** Opening DATA SUPPLIED block **

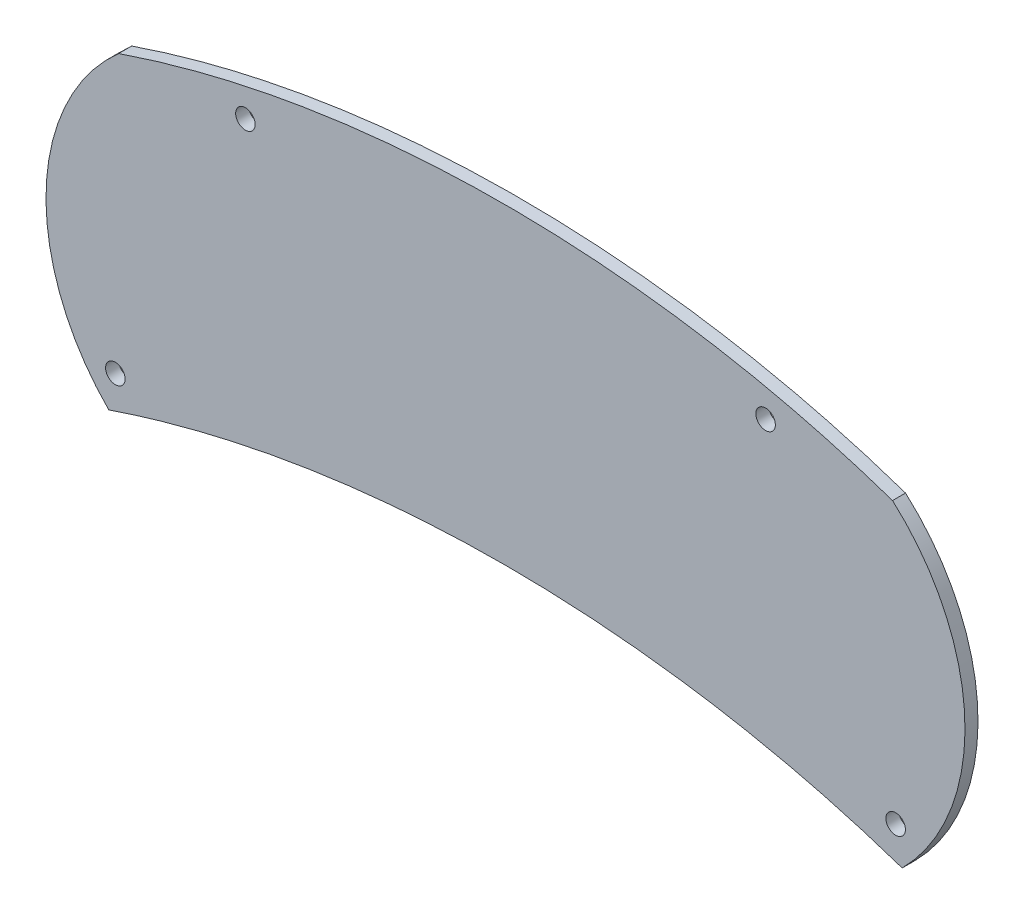
ISO-10303-21;
HEADER;
FILE_DESCRIPTION(('STEP AP214'),'2;1');
FILE_NAME('part.step','',(''),(''),'','','');
FILE_SCHEMA(('AUTOMOTIVE_DESIGN { 1 0 10303 214 1 1 1 1 }'));
ENDSEC;
DATA;
#1=APPLICATION_CONTEXT('core data for automotive mechanical design processes');
#2=APPLICATION_PROTOCOL_DEFINITION('international standard','automotive_design',2000,#1);
#3=PRODUCT_CONTEXT('',#1,'mechanical');
#4=PRODUCT('Part','Part','',(#3));
#5=PRODUCT_RELATED_PRODUCT_CATEGORY('part','',(#4));
#6=PRODUCT_DEFINITION_FORMATION('','',#4);
#7=PRODUCT_DEFINITION_CONTEXT('part definition',#1,'design');
#8=PRODUCT_DEFINITION('design','',#6,#7);
#9=PRODUCT_DEFINITION_SHAPE('','',#8);
#10=(LENGTH_UNIT() NAMED_UNIT(*) SI_UNIT(.MILLI.,.METRE.));
#11=(NAMED_UNIT(*) PLANE_ANGLE_UNIT() SI_UNIT($,.RADIAN.));
#12=(NAMED_UNIT(*) SI_UNIT($,.STERADIAN.) SOLID_ANGLE_UNIT());
#13=UNCERTAINTY_MEASURE_WITH_UNIT(LENGTH_MEASURE(1.E-05),#10,'distance_accuracy_value','');
#14=(GEOMETRIC_REPRESENTATION_CONTEXT(3) GLOBAL_UNCERTAINTY_ASSIGNED_CONTEXT((#13)) GLOBAL_UNIT_ASSIGNED_CONTEXT((#10,
#11,#12)) REPRESENTATION_CONTEXT('',''));
#15=CARTESIAN_POINT('',(0.,0.,0.));
#16=DIRECTION('',(0.,0.,1.));
#17=DIRECTION('',(1.,0.,0.));
#18=AXIS2_PLACEMENT_3D('',#15,#16,#17);
#19=CARTESIAN_POINT('',(-0.21974669990945,130.835125893641,3.));
#20=DIRECTION('',(0.,0.,-1.));
#21=DIRECTION('',(-1.,0.,0.));
#22=AXIS2_PLACEMENT_3D('',#19,#20,#21);
#23=PLANE('',#22);
#24=CARTESIAN_POINT('',(-89.2306232060347,116.448304510497,3.));
#25=CARTESIAN_POINT('',(-82.0228538449197,118.915823941174,3.));
#26=CARTESIAN_POINT('',(-74.7563723152178,121.02859102945,3.));
#27=CARTESIAN_POINT('',(-60.1185935142844,124.620804538016,3.));
#28=CARTESIAN_POINT('',(-52.7471456503857,126.09934104299,3.));
#29=CARTESIAN_POINT('',(-37.9058045798442,128.461584790495,3.));
#30=CARTESIAN_POINT('',(-30.435872975031,129.345060022503,3.));
#31=CARTESIAN_POINT('',(-19.1586566913044,130.233305688785,3.));
#32=CARTESIAN_POINT('',(-13.5019473550076,130.56805696778,3.));
#33=CARTESIAN_POINT('',(-7.81794339163737,130.737887871284,3.));
#34=CARTESIAN_POINT('',(-4.02250528746892,130.81423801793,3.));
#35=CARTESIAN_POINT('',(-2.12028485843131,130.833963634872,3.));
#36=CARTESIAN_POINT('',(7.3824059341779,130.839774928714,3.));
#37=CARTESIAN_POINT('',(14.9631688017768,130.548836526398,3.));
#38=CARTESIAN_POINT('',(26.3021598169117,129.668099271389,3.));
#39=CARTESIAN_POINT('',(30.0764426989166,129.300162486342,3.));
#40=CARTESIAN_POINT('',(37.6140744872787,128.413191154434,3.));
#41=CARTESIAN_POINT('',(41.3795557748917,127.893992916743,3.));
#42=CARTESIAN_POINT('',(52.6453353819208,126.10542090955,3.));
#43=CARTESIAN_POINT('',(60.0822323022672,124.6120961277,3.));
#44=CARTESIAN_POINT('',(74.8016806128558,120.994537875352,3.));
#45=CARTESIAN_POINT('',(82.0844273908808,118.871103079424,3.));
#46=CARTESIAN_POINT('',(89.2826523215664,116.402173549499,3.));
#47=B_SPLINE_CURVE_WITH_KNOTS('',3,(#24,#25,#26,#27,#28,#29,#30,#31,#32,#33,#34,#35,#36,#37,#38,
#39,#40,#41,#42,#43,#44,#45,#46),.UNSPECIFIED.,.F.,.F.,(4,2,2,2,1,2,2,2,2,2,2,4),(0.,0.125,0.25,
0.375,0.4375,0.46875,0.5,0.625,0.6875,0.75,0.875,1.),.UNSPECIFIED.);
#48=CARTESIAN_POINT('',(89.2826523215664,116.402173549499,3.));
#49=VERTEX_POINT('',#48);
#50=CARTESIAN_POINT('',(-89.2306232060347,116.448304510497,3.));
#51=VERTEX_POINT('',#50);
#52=EDGE_CURVE('E97',#49,#51,#47,.F.);
#53=ORIENTED_EDGE('',*,*,#52,.T.);
#54=CARTESIAN_POINT('',(-56.2541289657431,79.2031368698891,3.));
#55=DIRECTION('',(0.,0.,1.));
#56=DIRECTION('',(1.,0.,0.));
#57=AXIS2_PLACEMENT_3D('',#54,#55,#56);
#58=CIRCLE('',#57,49.7458710342571);
#59=CARTESIAN_POINT('',(-91.5104951286137,44.1084032201443,3.));
#60=VERTEX_POINT('',#59);
#61=EDGE_CURVE('E91',#51,#60,#58,.T.);
#62=ORIENTED_EDGE('',*,*,#61,.T.);
#63=CARTESIAN_POINT('',(91.5104951286151,44.1084032201437,3.));
#64=CARTESIAN_POINT('',(84.1199396005471,46.6291479642192,3.));
#65=CARTESIAN_POINT('',(76.6695018842178,48.7896419510719,3.));
#66=CARTESIAN_POINT('',(61.661176509542,52.464211948094,3.));
#67=CARTESIAN_POINT('',(54.1032412518517,53.9780016009985,3.));
#68=CARTESIAN_POINT('',(38.8862713730125,56.3973679590472,3.));
#69=CARTESIAN_POINT('',(31.2272285220345,57.3028951536071,3.));
#70=CARTESIAN_POINT('',(19.6643853468955,58.214324695562,3.));
#71=CARTESIAN_POINT('',(15.797685427451,58.4434227757866,3.));
#72=CARTESIAN_POINT('',(9.97895660832542,58.6746975453514,3.));
#73=CARTESIAN_POINT('',(8.0362646755893,58.7330453518428,3.));
#74=CARTESIAN_POINT('',(4.1446105076145,58.8120188760016,3.));
#75=CARTESIAN_POINT('',(2.19441029879192,58.8326261743354,3.));
#76=CARTESIAN_POINT('',(-7.54496654839546,58.8406282123257,3.));
#77=CARTESIAN_POINT('',(-15.3151569992348,58.5448216083812,3.));
#78=CARTESIAN_POINT('',(-26.9383911859669,57.646594700612,3.));
#79=CARTESIAN_POINT('',(-30.8074414751114,57.2711607459825,3.));
#80=CARTESIAN_POINT('',(-38.534661435719,56.3659965528424,3.));
#81=CARTESIAN_POINT('',(-42.3954313383207,55.8358567433462,3.));
#82=CARTESIAN_POINT('',(-53.9436367533795,54.0102094810462,3.));
#83=CARTESIAN_POINT('',(-61.5677146077057,52.4855299272633,3.));
#84=CARTESIAN_POINT('',(-76.659755812135,48.7935822768363,3.));
#85=CARTESIAN_POINT('',(-84.1277596266368,46.6264807371631,3.));
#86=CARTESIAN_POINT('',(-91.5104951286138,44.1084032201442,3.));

** Closing DATA SUPPLIED block **

Quote the listing above in full, except for the pictures.

• **ANSWER SPACE**:
ISO-10303-21;
HEADER;
FILE_DESCRIPTION(('STEP AP214'),'2;1');
FILE_NAME('part.step','',(''),(''),'','','');
FILE_SCHEMA(('AUTOMOTIVE_DESIGN { 1 0 10303 214 1 1 1 1 }'));
ENDSEC;
DATA;
#1=APPLICATION_CONTEXT('core data for automotive mechanical design processes');
#2=APPLICATION_PROTOCOL_DEFINITION('international standard','automotive_design',2000,#1);
#3=PRODUCT_CONTEXT('',#1,'mechanical');
#4=PRODUCT('Part','Part','',(#3));
#5=PRODUCT_RELATED_PRODUCT_CATEGORY('part','',(#4));
#6=PRODUCT_DEFINITION_FORMATION('','',#4);
#7=PRODUCT_DEFINITION_CONTEXT('part definition',#1,'design');
#8=PRODUCT_DEFINITION('design','',#6,#7);
#9=PRODUCT_DEFINITION_SHAPE('','',#8);
#10=(LENGTH_UNIT() NAMED_UNIT(*) SI_UNIT(.MILLI.,.METRE.));
#11=(NAMED_UNIT(*) PLANE_ANGLE_UNIT() SI_UNIT($,.RADIAN.));
#12=(NAMED_UNIT(*) SI_UNIT($,.STERADIAN.) SOLID_ANGLE_UNIT());
#13=UNCERTAINTY_MEASURE_WITH_UNIT(LENGTH_MEASURE(1.E-05),#10,'distance_accuracy_value','');
#14=(GEOMETRIC_REPRESENTATION_CONTEXT(3) GLOBAL_UNCERTAINTY_ASSIGNED_CONTEXT((#13)) GLOBAL_UNIT_ASSIGNED_CONTEXT((#10,
#11,#12)) REPRESENTATION_CONTEXT('',''));
#15=CARTESIAN_POINT('',(0.,0.,0.));
#16=DIRECTION('',(0.,0.,1.));
#17=DIRECTION('',(1.,0.,0.));
#18=AXIS2_PLACEMENT_3D('',#15,#16,#17);
#19=CARTESIAN_POINT('',(-0.21974669990945,130.835125893641,3.));
#20=DIRECTION('',(0.,0.,-1.));
#21=DIRECTION('',(-1.,0.,0.));
#22=AXIS2_PLACEMENT_3D('',#19,#20,#21);
#23=PLANE('',#22);
#24=CARTESIAN_POINT('',(-89.2306232060347,116.448304510497,3.));
#25=CARTESIAN_POINT('',(-82.0228538449197,118.915823941174,3.));
#26=CARTESIAN_POINT('',(-74.7563723152178,121.02859102945,3.));
#27=CARTESIAN_POINT('',(-60.1185935142844,124.620804538016,3.));
#28=CARTESIAN_POINT('',(-52.7471456503857,126.09934104299,3.));
#29=CARTESIAN_POINT('',(-37.9058045798442,128.461584790495,3.));
#30=CARTESIAN_POINT('',(-30.435872975031,129.345060022503,3.));
#31=CARTESIAN_POINT('',(-19.1586566913044,130.233305688785,3.));
#32=CARTESIAN_POINT('',(-13.5019473550076,130.56805696778,3.));
#33=CARTESIAN_POINT('',(-7.81794339163737,130.737887871284,3.));
#34=CARTESIAN_POINT('',(-4.02250528746892,130.81423801793,3.));
#35=CARTESIAN_POINT('',(-2.12028485843131,130.833963634872,3.));
#36=CARTESIAN_POINT('',(7.3824059341779,130.839774928714,3.));
#37=CARTESIAN_POINT('',(14.9631688017768,130.548836526398,3.));
#38=CARTESIAN_POINT('',(26.3021598169117,129.668099271389,3.));
#39=CARTESIAN_POINT('',(30.0764426989166,129.300162486342,3.));
#40=CARTESIAN_POINT('',(37.6140744872787,128.413191154434,3.));
#41=CARTESIAN_POINT('',(41.3795557748917,127.893992916743,3.));
#42=CARTESIAN_POINT('',(52.6453353819208,126.10542090955,3.));
#43=CARTESIAN_POINT('',(60.0822323022672,124.6120961277,3.));
#44=CARTESIAN_POINT('',(74.8016806128558,120.994537875352,3.));
#45=CARTESIAN_POINT('',(82.0844273908808,118.871103079424,3.));
#46=CARTESIAN_POINT('',(89.2826523215664,116.402173549499,3.));
#47=B_SPLINE_CURVE_WITH_KNOTS('',3,(#24,#25,#26,#27,#28,#29,#30,#31,#32,#33,#34,#35,#36,#37,#38,
#39,#40,#41,#42,#43,#44,#45,#46),.UNSPECIFIED.,.F.,.F.,(4,2,2,2,1,2,2,2,2,2,2,4),(0.,0.125,0.25,
0.375,0.4375,0.46875,0.5,0.625,0.6875,0.75,0.875,1.),.UNSPECIFIED.);
#48=CARTESIAN_POINT('',(89.2826523215664,116.402173549499,3.));
#49=VERTEX_POINT('',#48);
#50=CARTESIAN_POINT('',(-89.2306232060347,116.448304510497,3.));
#51=VERTEX_POINT('',#50);
#52=EDGE_CURVE('E97',#49,#51,#47,.F.);
#53=ORIENTED_EDGE('',*,*,#52,.T.);
#54=CARTESIAN_POINT('',(-56.2541289657431,79.2031368698891,3.));
#55=DIRECTION('',(0.,0.,1.));
#56=DIRECTION('',(1.,0.,0.));
#57=AXIS2_PLACEMENT_3D('',#54,#55,#56);
#58=CIRCLE('',#57,49.7458710342571);
#59=CARTESIAN_POINT('',(-91.5104951286137,44.1084032201443,3.));
#60=VERTEX_POINT('',#59);
#61=EDGE_CURVE('E91',#51,#60,#58,.T.);
#62=ORIENTED_EDGE('',*,*,#61,.T.);
#63=CARTESIAN_POINT('',(91.5104951286151,44.1084032201437,3.));
#64=CARTESIAN_POINT('',(84.1199396005471,46.6291479642192,3.));
#65=CARTESIAN_POINT('',(76.6695018842178,48.7896419510719,3.));
#66=CARTESIAN_POINT('',(61.661176509542,52.464211948094,3.));
#67=CARTESIAN_POINT('',(54.1032412518517,53.9780016009985,3.));
#68=CARTESIAN_POINT('',(38.8862713730125,56.3973679590472,3.));
#69=CARTESIAN_POINT('',(31.2272285220345,57.3028951536071,3.));
#70=CARTESIAN_POINT('',(19.6643853468955,58.214324695562,3.));
#71=CARTESIAN_POINT('',(15.797685427451,58.4434227757866,3.));
#72=CARTESIAN_POINT('',(9.97895660832542,58.6746975453514,3.));
#73=CARTESIAN_POINT('',(8.0362646755893,58.7330453518428,3.));
#74=CARTESIAN_POINT('',(4.1446105076145,58.8120188760016,3.));
#75=CARTESIAN_POINT('',(2.19441029879192,58.8326261743354,3.));
#76=CARTESIAN_POINT('',(-7.54496654839546,58.8406282123257,3.));
#77=CARTESIAN_POINT('',(-15.3151569992348,58.5448216083812,3.));
#78=CARTESIAN_POINT('',(-26.9383911859669,57.646594700612,3.));
#79=CARTESIAN_POINT('',(-30.8074414751114,57.2711607459825,3.));
#80=CARTESIAN_POINT('',(-38.534661435719,56.3659965528424,3.));
#81=CARTESIAN_POINT('',(-42.3954313383207,55.8358567433462,3.));
#82=CARTESIAN_POINT('',(-53.9436367533795,54.0102094810462,3.));
#83=CARTESIAN_POINT('',(-61.5677146077057,52.4855299272633,3.));
#84=CARTESIAN_POINT('',(-76.659755812135,48.7935822768363,3.));
#85=CARTESIAN_POINT('',(-84.1277596266368,46.6264807371631,3.));
#86=CARTESIAN_POINT('',(-91.5104951286138,44.1084032201442,3.));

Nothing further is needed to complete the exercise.